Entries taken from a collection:
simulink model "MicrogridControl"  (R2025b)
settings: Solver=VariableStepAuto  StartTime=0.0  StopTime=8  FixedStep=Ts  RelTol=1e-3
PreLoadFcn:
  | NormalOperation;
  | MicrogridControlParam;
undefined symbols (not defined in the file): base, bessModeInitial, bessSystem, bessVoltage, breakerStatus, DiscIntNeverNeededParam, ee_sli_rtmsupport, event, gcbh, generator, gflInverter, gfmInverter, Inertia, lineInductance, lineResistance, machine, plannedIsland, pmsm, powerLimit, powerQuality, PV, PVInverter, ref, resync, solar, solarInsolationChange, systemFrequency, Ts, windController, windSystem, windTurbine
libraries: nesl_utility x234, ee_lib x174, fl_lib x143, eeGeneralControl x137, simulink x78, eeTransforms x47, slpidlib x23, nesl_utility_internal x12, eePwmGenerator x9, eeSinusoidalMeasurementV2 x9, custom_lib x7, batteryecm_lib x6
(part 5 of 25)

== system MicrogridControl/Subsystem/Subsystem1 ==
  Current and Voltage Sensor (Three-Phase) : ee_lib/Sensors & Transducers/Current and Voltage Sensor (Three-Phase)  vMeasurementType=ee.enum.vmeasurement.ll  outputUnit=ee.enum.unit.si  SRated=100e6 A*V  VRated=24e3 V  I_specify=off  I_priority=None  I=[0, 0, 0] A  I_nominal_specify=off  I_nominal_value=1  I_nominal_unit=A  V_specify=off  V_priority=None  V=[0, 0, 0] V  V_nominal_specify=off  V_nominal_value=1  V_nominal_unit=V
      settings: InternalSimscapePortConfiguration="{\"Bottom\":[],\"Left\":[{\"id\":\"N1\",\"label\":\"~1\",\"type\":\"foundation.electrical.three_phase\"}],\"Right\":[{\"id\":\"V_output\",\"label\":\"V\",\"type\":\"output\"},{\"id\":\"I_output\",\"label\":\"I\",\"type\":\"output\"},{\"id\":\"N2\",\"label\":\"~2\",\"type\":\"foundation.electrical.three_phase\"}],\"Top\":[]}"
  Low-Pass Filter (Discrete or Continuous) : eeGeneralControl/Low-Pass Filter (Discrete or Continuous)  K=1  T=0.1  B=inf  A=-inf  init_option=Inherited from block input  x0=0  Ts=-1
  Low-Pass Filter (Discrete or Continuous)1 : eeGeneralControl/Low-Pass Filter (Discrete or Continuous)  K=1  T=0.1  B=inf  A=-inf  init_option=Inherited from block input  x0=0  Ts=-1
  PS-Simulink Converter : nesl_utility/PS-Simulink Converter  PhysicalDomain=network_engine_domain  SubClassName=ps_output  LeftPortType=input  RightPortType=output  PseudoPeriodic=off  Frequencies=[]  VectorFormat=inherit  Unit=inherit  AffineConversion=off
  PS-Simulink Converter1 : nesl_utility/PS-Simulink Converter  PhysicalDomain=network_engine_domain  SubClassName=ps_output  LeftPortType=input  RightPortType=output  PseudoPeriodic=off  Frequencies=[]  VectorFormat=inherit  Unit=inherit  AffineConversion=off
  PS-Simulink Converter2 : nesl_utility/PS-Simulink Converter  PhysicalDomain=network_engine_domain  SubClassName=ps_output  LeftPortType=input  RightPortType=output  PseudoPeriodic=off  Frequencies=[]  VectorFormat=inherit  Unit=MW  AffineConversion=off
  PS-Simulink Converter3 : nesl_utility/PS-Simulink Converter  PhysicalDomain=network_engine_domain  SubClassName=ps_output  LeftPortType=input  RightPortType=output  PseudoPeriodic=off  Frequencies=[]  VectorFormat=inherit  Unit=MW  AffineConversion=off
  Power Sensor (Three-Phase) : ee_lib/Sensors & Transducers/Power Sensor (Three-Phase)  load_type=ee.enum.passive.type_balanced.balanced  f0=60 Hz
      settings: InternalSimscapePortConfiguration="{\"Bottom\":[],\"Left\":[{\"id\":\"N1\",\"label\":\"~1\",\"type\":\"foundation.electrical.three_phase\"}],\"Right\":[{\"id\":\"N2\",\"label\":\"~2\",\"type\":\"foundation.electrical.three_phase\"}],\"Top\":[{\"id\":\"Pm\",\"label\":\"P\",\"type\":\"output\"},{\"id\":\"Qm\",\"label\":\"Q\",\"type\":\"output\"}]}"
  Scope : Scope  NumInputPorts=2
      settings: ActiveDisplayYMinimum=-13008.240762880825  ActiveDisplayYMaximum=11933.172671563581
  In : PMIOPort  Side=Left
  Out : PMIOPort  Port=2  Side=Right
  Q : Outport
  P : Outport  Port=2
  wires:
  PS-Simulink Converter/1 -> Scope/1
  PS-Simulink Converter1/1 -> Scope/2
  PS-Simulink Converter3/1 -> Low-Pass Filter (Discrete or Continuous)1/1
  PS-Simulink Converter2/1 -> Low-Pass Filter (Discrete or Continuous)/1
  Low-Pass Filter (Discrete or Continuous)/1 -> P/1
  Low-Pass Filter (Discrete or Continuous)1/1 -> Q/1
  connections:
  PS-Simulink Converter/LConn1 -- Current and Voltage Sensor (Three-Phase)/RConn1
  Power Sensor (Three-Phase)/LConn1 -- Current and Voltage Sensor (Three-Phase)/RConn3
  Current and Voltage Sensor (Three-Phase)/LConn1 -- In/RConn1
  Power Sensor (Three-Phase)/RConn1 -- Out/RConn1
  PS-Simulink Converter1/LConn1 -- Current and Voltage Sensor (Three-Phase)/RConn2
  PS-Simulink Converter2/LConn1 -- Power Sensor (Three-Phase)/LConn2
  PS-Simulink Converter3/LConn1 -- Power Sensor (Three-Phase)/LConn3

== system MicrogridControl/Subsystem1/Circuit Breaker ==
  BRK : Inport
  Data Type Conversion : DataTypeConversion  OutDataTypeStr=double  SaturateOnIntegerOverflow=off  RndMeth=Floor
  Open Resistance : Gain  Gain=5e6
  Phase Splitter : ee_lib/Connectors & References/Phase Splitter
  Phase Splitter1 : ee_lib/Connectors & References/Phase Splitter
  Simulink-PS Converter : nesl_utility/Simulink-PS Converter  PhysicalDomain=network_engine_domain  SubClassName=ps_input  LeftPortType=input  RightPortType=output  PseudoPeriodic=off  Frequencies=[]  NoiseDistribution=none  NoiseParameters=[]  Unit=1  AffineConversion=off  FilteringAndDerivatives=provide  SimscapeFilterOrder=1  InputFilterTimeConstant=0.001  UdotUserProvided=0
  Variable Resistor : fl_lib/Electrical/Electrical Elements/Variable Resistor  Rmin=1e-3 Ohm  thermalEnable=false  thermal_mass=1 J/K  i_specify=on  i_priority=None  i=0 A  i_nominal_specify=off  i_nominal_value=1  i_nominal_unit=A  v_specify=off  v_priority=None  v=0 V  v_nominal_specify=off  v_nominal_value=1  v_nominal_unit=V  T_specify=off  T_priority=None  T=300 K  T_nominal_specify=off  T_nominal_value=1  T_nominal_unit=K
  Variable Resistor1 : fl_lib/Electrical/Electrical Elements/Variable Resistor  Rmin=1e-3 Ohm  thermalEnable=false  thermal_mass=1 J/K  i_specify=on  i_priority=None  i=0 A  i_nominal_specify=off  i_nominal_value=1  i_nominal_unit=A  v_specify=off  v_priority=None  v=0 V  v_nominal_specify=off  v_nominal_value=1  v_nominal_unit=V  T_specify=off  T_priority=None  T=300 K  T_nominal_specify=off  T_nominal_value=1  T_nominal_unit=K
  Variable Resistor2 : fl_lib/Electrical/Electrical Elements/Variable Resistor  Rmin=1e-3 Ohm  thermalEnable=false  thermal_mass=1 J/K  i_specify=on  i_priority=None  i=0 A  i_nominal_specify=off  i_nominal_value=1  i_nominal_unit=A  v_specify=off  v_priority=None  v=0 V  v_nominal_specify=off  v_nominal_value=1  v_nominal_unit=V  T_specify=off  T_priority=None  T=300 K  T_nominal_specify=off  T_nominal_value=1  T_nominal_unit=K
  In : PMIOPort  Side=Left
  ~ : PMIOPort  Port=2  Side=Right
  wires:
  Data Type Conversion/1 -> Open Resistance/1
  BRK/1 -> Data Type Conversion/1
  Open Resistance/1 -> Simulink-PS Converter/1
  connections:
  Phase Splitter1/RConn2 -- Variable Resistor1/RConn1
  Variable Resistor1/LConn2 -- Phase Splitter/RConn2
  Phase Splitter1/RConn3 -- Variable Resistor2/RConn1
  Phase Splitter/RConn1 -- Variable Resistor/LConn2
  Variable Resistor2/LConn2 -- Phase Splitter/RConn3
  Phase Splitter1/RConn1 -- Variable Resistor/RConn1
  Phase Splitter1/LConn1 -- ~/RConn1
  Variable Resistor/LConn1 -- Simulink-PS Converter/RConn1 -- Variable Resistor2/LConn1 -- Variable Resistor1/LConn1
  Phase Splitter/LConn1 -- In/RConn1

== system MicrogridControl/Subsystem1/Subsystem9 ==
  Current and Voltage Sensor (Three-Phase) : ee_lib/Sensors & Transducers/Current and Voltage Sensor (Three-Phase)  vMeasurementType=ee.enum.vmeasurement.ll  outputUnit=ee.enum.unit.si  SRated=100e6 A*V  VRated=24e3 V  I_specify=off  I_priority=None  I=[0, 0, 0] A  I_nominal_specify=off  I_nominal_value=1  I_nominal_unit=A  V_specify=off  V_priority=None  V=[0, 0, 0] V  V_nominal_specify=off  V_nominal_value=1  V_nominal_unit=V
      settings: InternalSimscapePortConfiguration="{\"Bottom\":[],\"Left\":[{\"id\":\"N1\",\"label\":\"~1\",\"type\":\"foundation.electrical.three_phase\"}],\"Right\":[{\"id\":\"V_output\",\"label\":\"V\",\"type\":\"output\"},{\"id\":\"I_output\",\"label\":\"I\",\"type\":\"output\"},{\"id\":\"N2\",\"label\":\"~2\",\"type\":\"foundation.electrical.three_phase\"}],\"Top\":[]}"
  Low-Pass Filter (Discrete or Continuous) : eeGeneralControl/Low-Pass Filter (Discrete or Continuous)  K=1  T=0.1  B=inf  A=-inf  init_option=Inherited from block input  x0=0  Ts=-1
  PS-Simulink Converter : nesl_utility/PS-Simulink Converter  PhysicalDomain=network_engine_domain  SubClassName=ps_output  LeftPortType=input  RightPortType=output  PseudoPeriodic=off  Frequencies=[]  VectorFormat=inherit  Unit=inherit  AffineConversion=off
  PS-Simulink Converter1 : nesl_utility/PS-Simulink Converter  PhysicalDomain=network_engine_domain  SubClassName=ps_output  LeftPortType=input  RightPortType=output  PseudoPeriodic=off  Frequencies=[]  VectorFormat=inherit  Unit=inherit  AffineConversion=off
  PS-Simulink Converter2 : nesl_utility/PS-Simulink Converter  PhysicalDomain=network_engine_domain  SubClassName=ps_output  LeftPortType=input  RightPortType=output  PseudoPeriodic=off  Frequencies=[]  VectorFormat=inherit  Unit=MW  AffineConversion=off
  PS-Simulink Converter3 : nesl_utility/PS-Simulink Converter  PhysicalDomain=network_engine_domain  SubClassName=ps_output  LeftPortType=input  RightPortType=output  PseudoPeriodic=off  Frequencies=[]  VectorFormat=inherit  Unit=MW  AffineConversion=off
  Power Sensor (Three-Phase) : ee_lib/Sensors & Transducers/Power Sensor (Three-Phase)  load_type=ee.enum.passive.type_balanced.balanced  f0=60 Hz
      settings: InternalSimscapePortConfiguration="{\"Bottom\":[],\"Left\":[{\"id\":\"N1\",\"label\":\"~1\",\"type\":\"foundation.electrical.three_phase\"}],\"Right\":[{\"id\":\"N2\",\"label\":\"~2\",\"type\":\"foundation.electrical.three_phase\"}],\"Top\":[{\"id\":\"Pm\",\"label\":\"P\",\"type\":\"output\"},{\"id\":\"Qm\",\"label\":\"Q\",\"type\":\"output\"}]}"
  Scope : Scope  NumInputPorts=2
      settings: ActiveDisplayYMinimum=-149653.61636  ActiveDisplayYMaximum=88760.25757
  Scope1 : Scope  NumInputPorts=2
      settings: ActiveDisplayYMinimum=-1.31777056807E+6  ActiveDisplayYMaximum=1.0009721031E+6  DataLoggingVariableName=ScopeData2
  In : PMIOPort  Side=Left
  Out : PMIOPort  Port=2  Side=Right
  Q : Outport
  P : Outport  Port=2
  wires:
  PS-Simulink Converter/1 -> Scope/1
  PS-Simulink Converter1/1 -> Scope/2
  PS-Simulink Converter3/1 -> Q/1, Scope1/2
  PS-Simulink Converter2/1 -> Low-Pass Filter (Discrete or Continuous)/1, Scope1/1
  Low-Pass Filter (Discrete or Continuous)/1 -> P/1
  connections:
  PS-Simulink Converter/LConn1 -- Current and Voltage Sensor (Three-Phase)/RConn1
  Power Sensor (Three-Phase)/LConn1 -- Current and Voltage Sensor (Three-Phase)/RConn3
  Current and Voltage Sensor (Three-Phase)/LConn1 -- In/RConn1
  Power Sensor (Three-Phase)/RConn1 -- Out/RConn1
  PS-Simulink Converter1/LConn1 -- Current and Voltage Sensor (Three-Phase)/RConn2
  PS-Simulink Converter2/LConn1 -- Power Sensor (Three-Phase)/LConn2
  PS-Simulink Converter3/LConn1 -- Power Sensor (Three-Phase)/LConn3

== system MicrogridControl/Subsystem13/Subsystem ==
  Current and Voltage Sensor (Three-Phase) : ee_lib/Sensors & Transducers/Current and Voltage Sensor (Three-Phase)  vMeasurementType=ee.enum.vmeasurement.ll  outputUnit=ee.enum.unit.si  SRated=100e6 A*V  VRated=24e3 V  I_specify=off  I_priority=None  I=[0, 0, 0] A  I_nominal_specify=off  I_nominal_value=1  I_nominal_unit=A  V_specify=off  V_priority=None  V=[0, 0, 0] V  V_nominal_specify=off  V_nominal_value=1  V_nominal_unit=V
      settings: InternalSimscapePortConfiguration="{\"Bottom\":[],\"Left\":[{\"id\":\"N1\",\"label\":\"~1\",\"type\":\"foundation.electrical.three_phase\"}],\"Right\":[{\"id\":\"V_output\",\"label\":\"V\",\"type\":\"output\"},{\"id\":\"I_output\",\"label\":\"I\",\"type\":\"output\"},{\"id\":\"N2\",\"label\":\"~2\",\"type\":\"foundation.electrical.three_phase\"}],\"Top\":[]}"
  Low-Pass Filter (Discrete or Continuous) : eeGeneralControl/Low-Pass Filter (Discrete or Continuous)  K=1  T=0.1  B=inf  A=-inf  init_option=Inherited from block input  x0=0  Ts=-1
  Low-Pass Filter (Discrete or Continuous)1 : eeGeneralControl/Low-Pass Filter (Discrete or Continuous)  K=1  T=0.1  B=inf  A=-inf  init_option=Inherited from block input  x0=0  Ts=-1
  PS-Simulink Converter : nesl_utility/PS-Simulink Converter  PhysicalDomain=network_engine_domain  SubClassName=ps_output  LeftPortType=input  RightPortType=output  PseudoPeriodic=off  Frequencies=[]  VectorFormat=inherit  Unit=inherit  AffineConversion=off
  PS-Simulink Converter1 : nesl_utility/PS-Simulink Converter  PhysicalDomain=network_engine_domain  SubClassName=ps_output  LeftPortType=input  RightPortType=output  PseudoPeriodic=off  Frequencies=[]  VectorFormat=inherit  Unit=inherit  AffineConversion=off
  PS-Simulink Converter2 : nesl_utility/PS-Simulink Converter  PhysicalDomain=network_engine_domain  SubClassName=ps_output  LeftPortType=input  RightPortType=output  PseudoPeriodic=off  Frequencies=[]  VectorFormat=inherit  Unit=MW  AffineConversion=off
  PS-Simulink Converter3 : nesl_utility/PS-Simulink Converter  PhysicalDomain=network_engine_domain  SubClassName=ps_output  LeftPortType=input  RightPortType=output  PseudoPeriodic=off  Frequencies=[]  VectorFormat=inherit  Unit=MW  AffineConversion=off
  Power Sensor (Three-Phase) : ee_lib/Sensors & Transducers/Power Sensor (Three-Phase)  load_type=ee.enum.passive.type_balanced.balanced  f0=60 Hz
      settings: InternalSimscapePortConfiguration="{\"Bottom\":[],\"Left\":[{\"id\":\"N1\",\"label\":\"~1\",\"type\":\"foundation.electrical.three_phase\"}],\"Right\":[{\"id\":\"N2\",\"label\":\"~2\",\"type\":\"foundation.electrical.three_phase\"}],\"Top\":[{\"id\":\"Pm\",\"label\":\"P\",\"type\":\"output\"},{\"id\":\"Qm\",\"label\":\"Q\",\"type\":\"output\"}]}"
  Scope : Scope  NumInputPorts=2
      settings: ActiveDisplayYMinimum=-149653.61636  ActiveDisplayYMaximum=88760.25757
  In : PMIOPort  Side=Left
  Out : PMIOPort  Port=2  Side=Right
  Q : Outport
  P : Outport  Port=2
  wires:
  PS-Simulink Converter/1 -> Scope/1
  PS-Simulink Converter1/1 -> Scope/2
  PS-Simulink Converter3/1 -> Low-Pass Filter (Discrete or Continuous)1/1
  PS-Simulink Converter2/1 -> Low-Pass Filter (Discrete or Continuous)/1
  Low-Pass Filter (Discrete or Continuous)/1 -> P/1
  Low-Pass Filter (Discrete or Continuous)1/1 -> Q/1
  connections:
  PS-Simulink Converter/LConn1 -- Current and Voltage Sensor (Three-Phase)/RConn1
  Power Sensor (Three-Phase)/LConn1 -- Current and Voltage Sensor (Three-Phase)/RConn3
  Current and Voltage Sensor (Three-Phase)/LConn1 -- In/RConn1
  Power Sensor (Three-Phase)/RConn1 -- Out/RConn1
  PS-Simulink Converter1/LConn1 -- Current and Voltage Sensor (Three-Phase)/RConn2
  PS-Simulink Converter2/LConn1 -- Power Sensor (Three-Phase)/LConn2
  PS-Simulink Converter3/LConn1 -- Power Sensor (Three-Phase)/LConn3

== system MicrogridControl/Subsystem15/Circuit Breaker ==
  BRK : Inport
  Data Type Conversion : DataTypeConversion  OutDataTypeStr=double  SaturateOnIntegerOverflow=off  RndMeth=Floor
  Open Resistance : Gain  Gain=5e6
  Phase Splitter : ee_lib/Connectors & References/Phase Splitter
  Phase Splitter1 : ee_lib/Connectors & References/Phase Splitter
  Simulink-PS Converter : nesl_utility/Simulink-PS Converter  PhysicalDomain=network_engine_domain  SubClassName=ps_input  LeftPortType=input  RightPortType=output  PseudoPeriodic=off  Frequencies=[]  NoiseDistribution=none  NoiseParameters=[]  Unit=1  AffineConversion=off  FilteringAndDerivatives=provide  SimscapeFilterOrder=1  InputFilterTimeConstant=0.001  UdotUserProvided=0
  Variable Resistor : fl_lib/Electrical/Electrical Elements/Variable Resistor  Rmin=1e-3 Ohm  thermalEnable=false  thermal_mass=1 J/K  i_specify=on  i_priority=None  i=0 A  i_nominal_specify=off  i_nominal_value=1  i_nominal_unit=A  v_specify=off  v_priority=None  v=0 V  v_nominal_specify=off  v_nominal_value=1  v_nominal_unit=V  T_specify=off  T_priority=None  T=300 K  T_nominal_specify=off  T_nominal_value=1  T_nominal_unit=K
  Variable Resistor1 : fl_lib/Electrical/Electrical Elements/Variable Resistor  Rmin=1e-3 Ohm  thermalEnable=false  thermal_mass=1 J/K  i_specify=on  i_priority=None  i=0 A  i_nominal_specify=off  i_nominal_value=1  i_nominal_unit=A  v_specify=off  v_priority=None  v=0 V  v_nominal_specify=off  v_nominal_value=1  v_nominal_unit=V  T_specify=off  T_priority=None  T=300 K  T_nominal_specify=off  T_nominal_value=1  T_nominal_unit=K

**Task to complete:** Your answer must be the lines above, unchanged, from the first one through the line that holds "undefined symbols (not", inclusive, and no others.

**Final answer:**
simulink model "MicrogridControl"  (R2025b)
settings: Solver=VariableStepAuto  StartTime=0.0  StopTime=8  FixedStep=Ts  RelTol=1e-3
PreLoadFcn:
  | NormalOperation;
  | MicrogridControlParam;
undefined symbols (not defined in the file): base, bessModeInitial, bessSystem, bessVoltage, breakerStatus, DiscIntNeverNeededParam, ee_sli_rtmsupport, event, gcbh, generator, gflInverter, gfmInverter, Inertia, lineInductance, lineResistance, machine, plannedIsland, pmsm, powerLimit, powerQuality, PV, PVInverter, ref, resync, solar, solarInsolationChange, systemFrequency, Ts, windController, windSystem, windTurbine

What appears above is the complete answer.